◆ **SUPPLIED ENTRIES**
* * * * * * * * *
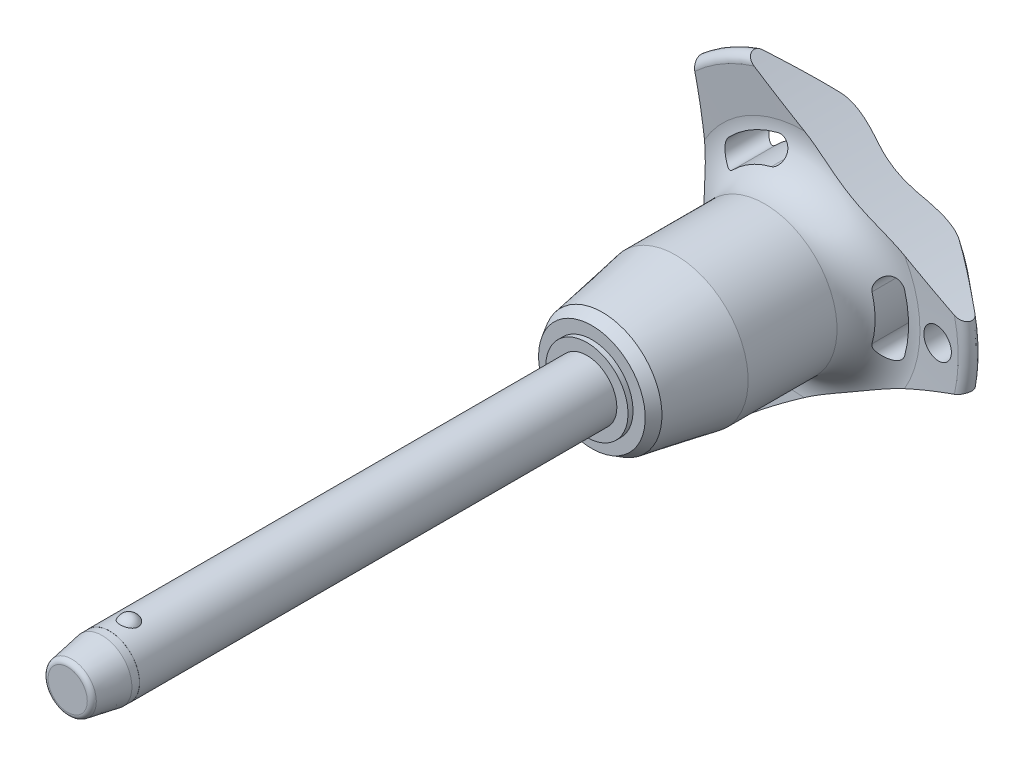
from build123d import *

# Parameters (mm, degrees)
SKETCH1_R           = 3
BOSS_EXTRUDE1_DEPTH = 45
SKETCH2_R           = 2.5
BOSS_EXTRUDE2_DEPTH = 26.7
BOSS_EXTRUDE3_START = 7
SKETCH1_2_R         = 3
BOSS_EXTRUDE3_DEPTH = 7
CHAMFER1_SIZE       = 3.5
CHAMFER1_SIZE2      = 0.617144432
FILLET1_R           = 0.5
SKETCH6_R           = 79.96
CUT_EXTRUDE1_DEPTH  = 76.446116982
CIRPATTERN1_COUNT   = 3
SKETCH7_R           = 1.5
CUT_EXTRUDE2_DEPTH  = 76.244100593
SKETCH8_R           = 3
SKETCH8_R_2         = 2.99
CUT_EXTRUDE3_DEPTH  = 4.2


with BuildPart() as part:
    # Sketch1 → Boss-Extrude1 (new body)
    with BuildSketch(Plane.XY):
        Circle(SKETCH1_R)
    extrude(amount=-BOSS_EXTRUDE1_DEPTH)

    # Sketch2 → Boss-Extrude2 (add)
    with BuildSketch(Plane(origin=(0, 0, -45), x_dir=(-1, 0, 0), z_dir=(0, 0, -1))):
        Circle(SKETCH2_R)
    extrude(amount=BOSS_EXTRUDE2_DEPTH)

    # Sketch3 → Revolve1 (revolve)
    with BuildSketch(Plane(origin=(0, 0, 0), x_dir=(0, 0, -1), z_dir=(1, 0, 0))):
        with BuildLine():
            Line((-0.866025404, 3.5), (-0.866025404, 1.5))
            ThreePointArc((-0.866025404, 1.5), (0.133974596, 2.5), (-0.866025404, 3.5))
        make_face()
        with BuildLine():
            Line((-0.866025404, -1.5), (-0.866025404, -3.5))
            ThreePointArc((-0.866025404, -3.5), (0.133974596, -2.5), (-0.866025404, -1.5))
        make_face()
    revolve(axis=Axis((0, -1.5, 0.866025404), (0, 1, 0)))

    # Sketch1_2 → Boss-Extrude3 (add)
    with BuildSketch(Plane.XY.offset(BOSS_EXTRUDE3_START)):
        Circle(SKETCH1_2_R)
    extrude(amount=-BOSS_EXTRUDE3_DEPTH)

    # Chamfer1
    chamfer1_edges = [part.edges().sort_by_distance(p)[0] for p in [
        (-3, 0, 7),
    ]]
    chamfer1_side = [part.faces().sort_by_distance(p)[0] for p in [
        (-3, 0, -19),
    ]]
    chamfer(chamfer1_edges, length=CHAMFER1_SIZE, length2=CHAMFER1_SIZE2, reference=chamfer1_side[0])

    # Fillet1
    fillet1_edges = [part.edges().sort_by_distance(p)[0] for p in [
        (-2.382855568, 0, 7),
        (2.5, 0, -71.7),
    ]]
    fillet(fillet1_edges, radius=FILLET1_R)

    # Sketch4 → Revolve2 (revolve)
    with BuildSketch(Plane(origin=(0, 0, 0), x_dir=(0, 0, -1), z_dir=(1, 0, 0)), mode=Mode.PRIVATE) as revolve2_sk:
        Polygon((45, 0), (45, 4.118359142), (45.5, 4.118359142), (45.5, 5.343400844), (46.560917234, 5.955921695), (53.9, 7.25), (62.8, 7.25), (62.8, 0), align=None)
    revolve(revolve2_sk.sketch.rotate(Axis((0, 0, -62.8), (0, 0, 1)), 90), axis=Axis((0, 0, -62.8), (0, 0, 1)))

    # Sketch5 → Revolve3 (revolve)
    with BuildSketch(Plane(origin=(0, 0, 0), x_dir=(0, 0, -1), z_dir=(1, 0, 0)), mode=Mode.PRIVATE) as revolve3_sk:
        with BuildLine():
            Line((66.78715932, 11.570250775), (66.452568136, 15.735949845))
            ThreePointArc((66.452568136, 15.735949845), (66.946485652, 16.540188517), (67.862835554, 16.314230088))
            Line((67.862835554, 16.314230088), (71.326414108, 12.186497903))
            ThreePointArc((71.326414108, 12.186497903), (71.7, 11.109282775), (71.261488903, 10.056825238))
            ThreePointArc((71.261488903, 10.056825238), (68.289873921, 5.413681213), (67.25, 0))
            Line((67.25, 0), (62.8, 0))
            Line((62.8, 0), (62.8, 7.25))
            ThreePointArc((62.8, 7.25), (65.739473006, 8.537160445), (66.78715932, 11.570250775))
        make_face()
    revolve(revolve3_sk.sketch.rotate(Axis((0, 0, -67.25), (0, 0, 1)), 90), axis=Axis((0, 0, -67.25), (0, 0, 1)))

    # Sketch6 → Cut-Extrude1 (cut, through all)
    with BuildSketch(Plane.XY):
        with Locations((-89.76, 0)):
            Circle(SKETCH6_R)
        with BuildLine():
            ThreePointArc((10.099921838, -2.834717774), (10.490188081, 0), (10.099921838, 2.834717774))
            ThreePointArc((10.099921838, 2.834717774), (8.768180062, 3.582738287), (8.020159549, 2.250996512))
            ThreePointArc((8.020159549, 2.250996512), (8.330062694, 0), (8.020159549, -2.250996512))
            ThreePointArc((8.020159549, -2.250996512), (8.768180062, -3.582738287), (10.099921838, -2.834717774))
        make_face()
    cut_extrude1 = extrude(amount=-CUT_EXTRUDE1_DEPTH, mode=Mode.SUBTRACT)

    # CirPattern1: Cut-Extrude1 ×3 about axis
    cirpattern1_axis = Axis((0, 0, 0), (0, 0, 1))
    for i in range(1, CIRPATTERN1_COUNT):
        add(cut_extrude1.rotate(cirpattern1_axis, i * 360 / CIRPATTERN1_COUNT), mode=Mode.SUBTRACT)

    # Sketch7 → Cut-Extrude2 (cut, through all)
    with BuildSketch(Plane.XY):
        with Locations(Location((13.490188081, 0, 0), (0, 0, 225.221865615))):
            Circle(SKETCH7_R)
    extrude(amount=-CUT_EXTRUDE2_DEPTH, mode=Mode.SUBTRACT)

    # Sketch8 → Cut-Extrude3 (cut)
    with BuildSketch(Plane.XY.offset(7)):
        Circle(SKETCH8_R)
        Circle(SKETCH8_R_2, mode=Mode.SUBTRACT)
    extrude(amount=-CUT_EXTRUDE3_DEPTH, mode=Mode.SUBTRACT)


solid = part.part
* * * * * * * * *
◆ **EXERCISE GOAL**
Would you output all of the entries above exactly, keeping the pictures out?

◆ **ANSWER SECTION**
from build123d import *

# Parameters (mm, degrees)
SKETCH1_R           = 3
BOSS_EXTRUDE1_DEPTH = 45
SKETCH2_R           = 2.5
BOSS_EXTRUDE2_DEPTH = 26.7
BOSS_EXTRUDE3_START = 7
SKETCH1_2_R         = 3
BOSS_EXTRUDE3_DEPTH = 7
CHAMFER1_SIZE       = 3.5
CHAMFER1_SIZE2      = 0.617144432
FILLET1_R           = 0.5
SKETCH6_R           = 79.96
CUT_EXTRUDE1_DEPTH  = 76.446116982
CIRPATTERN1_COUNT   = 3
SKETCH7_R           = 1.5
CUT_EXTRUDE2_DEPTH  = 76.244100593
SKETCH8_R           = 3
SKETCH8_R_2         = 2.99
CUT_EXTRUDE3_DEPTH  = 4.2


with BuildPart() as part:
    # Sketch1 → Boss-Extrude1 (new body)
    with BuildSketch(Plane.XY):
        Circle(SKETCH1_R)
    extrude(amount=-BOSS_EXTRUDE1_DEPTH)

    # Sketch2 → Boss-Extrude2 (add)
    with BuildSketch(Plane(origin=(0, 0, -45), x_dir=(-1, 0, 0), z_dir=(0, 0, -1))):
        Circle(SKETCH2_R)
    extrude(amount=BOSS_EXTRUDE2_DEPTH)

    # Sketch3 → Revolve1 (revolve)
    with BuildSketch(Plane(origin=(0, 0, 0), x_dir=(0, 0, -1), z_dir=(1, 0, 0))):
        with BuildLine():
            Line((-0.866025404, 3.5), (-0.866025404, 1.5))
            ThreePointArc((-0.866025404, 1.5), (0.133974596, 2.5), (-0.866025404, 3.5))
        make_face()
        with BuildLine():
            Line((-0.866025404, -1.5), (-0.866025404, -3.5))
            ThreePointArc((-0.866025404, -3.5), (0.133974596, -2.5), (-0.866025404, -1.5))
        make_face()
    revolve(axis=Axis((0, -1.5, 0.866025404), (0, 1, 0)))

    # Sketch1_2 → Boss-Extrude3 (add)
    with BuildSketch(Plane.XY.offset(BOSS_EXTRUDE3_START)):
        Circle(SKETCH1_2_R)
    extrude(amount=-BOSS_EXTRUDE3_DEPTH)

    # Chamfer1
    chamfer1_edges = [part.edges().sort_by_distance(p)[0] for p in [
        (-3, 0, 7),
    ]]
    chamfer1_side = [part.faces().sort_by_distance(p)[0] for p in [
        (-3, 0, -19),
    ]]
    chamfer(chamfer1_edges, length=CHAMFER1_SIZE, length2=CHAMFER1_SIZE2, reference=chamfer1_side[0])

    # Fillet1
    fillet1_edges = [part.edges().sort_by_distance(p)[0] for p in [
        (-2.382855568, 0, 7),
        (2.5, 0, -71.7),
    ]]
    fillet(fillet1_edges, radius=FILLET1_R)

    # Sketch4 → Revolve2 (revolve)
    with BuildSketch(Plane(origin=(0, 0, 0), x_dir=(0, 0, -1), z_dir=(1, 0, 0)), mode=Mode.PRIVATE) as revolve2_sk:
        Polygon((45, 0), (45, 4.118359142), (45.5, 4.118359142), (45.5, 5.343400844), (46.560917234, 5.955921695), (53.9, 7.25), (62.8, 7.25), (62.8, 0), align=None)
    revolve(revolve2_sk.sketch.rotate(Axis((0, 0, -62.8), (0, 0, 1)), 90), axis=Axis((0, 0, -62.8), (0, 0, 1)))

    # Sketch5 → Revolve3 (revolve)
    with BuildSketch(Plane(origin=(0, 0, 0), x_dir=(0, 0, -1), z_dir=(1, 0, 0)), mode=Mode.PRIVATE) as revolve3_sk:
        with BuildLine():
            Line((66.78715932, 11.570250775), (66.452568136, 15.735949845))
            ThreePointArc((66.452568136, 15.735949845), (66.946485652, 16.540188517), (67.862835554, 16.314230088))
            Line((67.862835554, 16.314230088), (71.326414108, 12.186497903))
            ThreePointArc((71.326414108, 12.186497903), (71.7, 11.109282775), (71.261488903, 10.056825238))
            ThreePointArc((71.261488903, 10.056825238), (68.289873921, 5.413681213), (67.25, 0))
            Line((67.25, 0), (62.8, 0))
            Line((62.8, 0), (62.8, 7.25))
            ThreePointArc((62.8, 7.25), (65.739473006, 8.537160445), (66.78715932, 11.570250775))
        make_face()
    revolve(revolve3_sk.sketch.rotate(Axis((0, 0, -67.25), (0, 0, 1)), 90), axis=Axis((0, 0, -67.25), (0, 0, 1)))

    # Sketch6 → Cut-Extrude1 (cut, through all)
    with BuildSketch(Plane.XY):
        with Locations((-89.76, 0)):
            Circle(SKETCH6_R)
        with BuildLine():
            ThreePointArc((10.099921838, -2.834717774), (10.490188081, 0), (10.099921838, 2.834717774))
            ThreePointArc((10.099921838, 2.834717774), (8.768180062, 3.582738287), (8.020159549, 2.250996512))
            ThreePointArc((8.020159549, 2.250996512), (8.330062694, 0), (8.020159549, -2.250996512))
            ThreePointArc((8.020159549, -2.250996512), (8.768180062, -3.582738287), (10.099921838, -2.834717774))
        make_face()
    cut_extrude1 = extrude(amount=-CUT_EXTRUDE1_DEPTH, mode=Mode.SUBTRACT)

    # CirPattern1: Cut-Extrude1 ×3 about axis
    cirpattern1_axis = Axis((0, 0, 0), (0, 0, 1))
    for i in range(1, CIRPATTERN1_COUNT):
        add(cut_extrude1.rotate(cirpattern1_axis, i * 360 / CIRPATTERN1_COUNT), mode=Mode.SUBTRACT)

    # Sketch7 → Cut-Extrude2 (cut, through all)
    with BuildSketch(Plane.XY):
        with Locations(Location((13.490188081, 0, 0), (0, 0, 225.221865615))):
            Circle(SKETCH7_R)
    extrude(amount=-CUT_EXTRUDE2_DEPTH, mode=Mode.SUBTRACT)

    # Sketch8 → Cut-Extrude3 (cut)
    with BuildSketch(Plane.XY.offset(7)):
        Circle(SKETCH8_R)
        Circle(SKETCH8_R_2, mode=Mode.SUBTRACT)
    extrude(amount=-CUT_EXTRUDE3_DEPTH, mode=Mode.SUBTRACT)


solid = part.part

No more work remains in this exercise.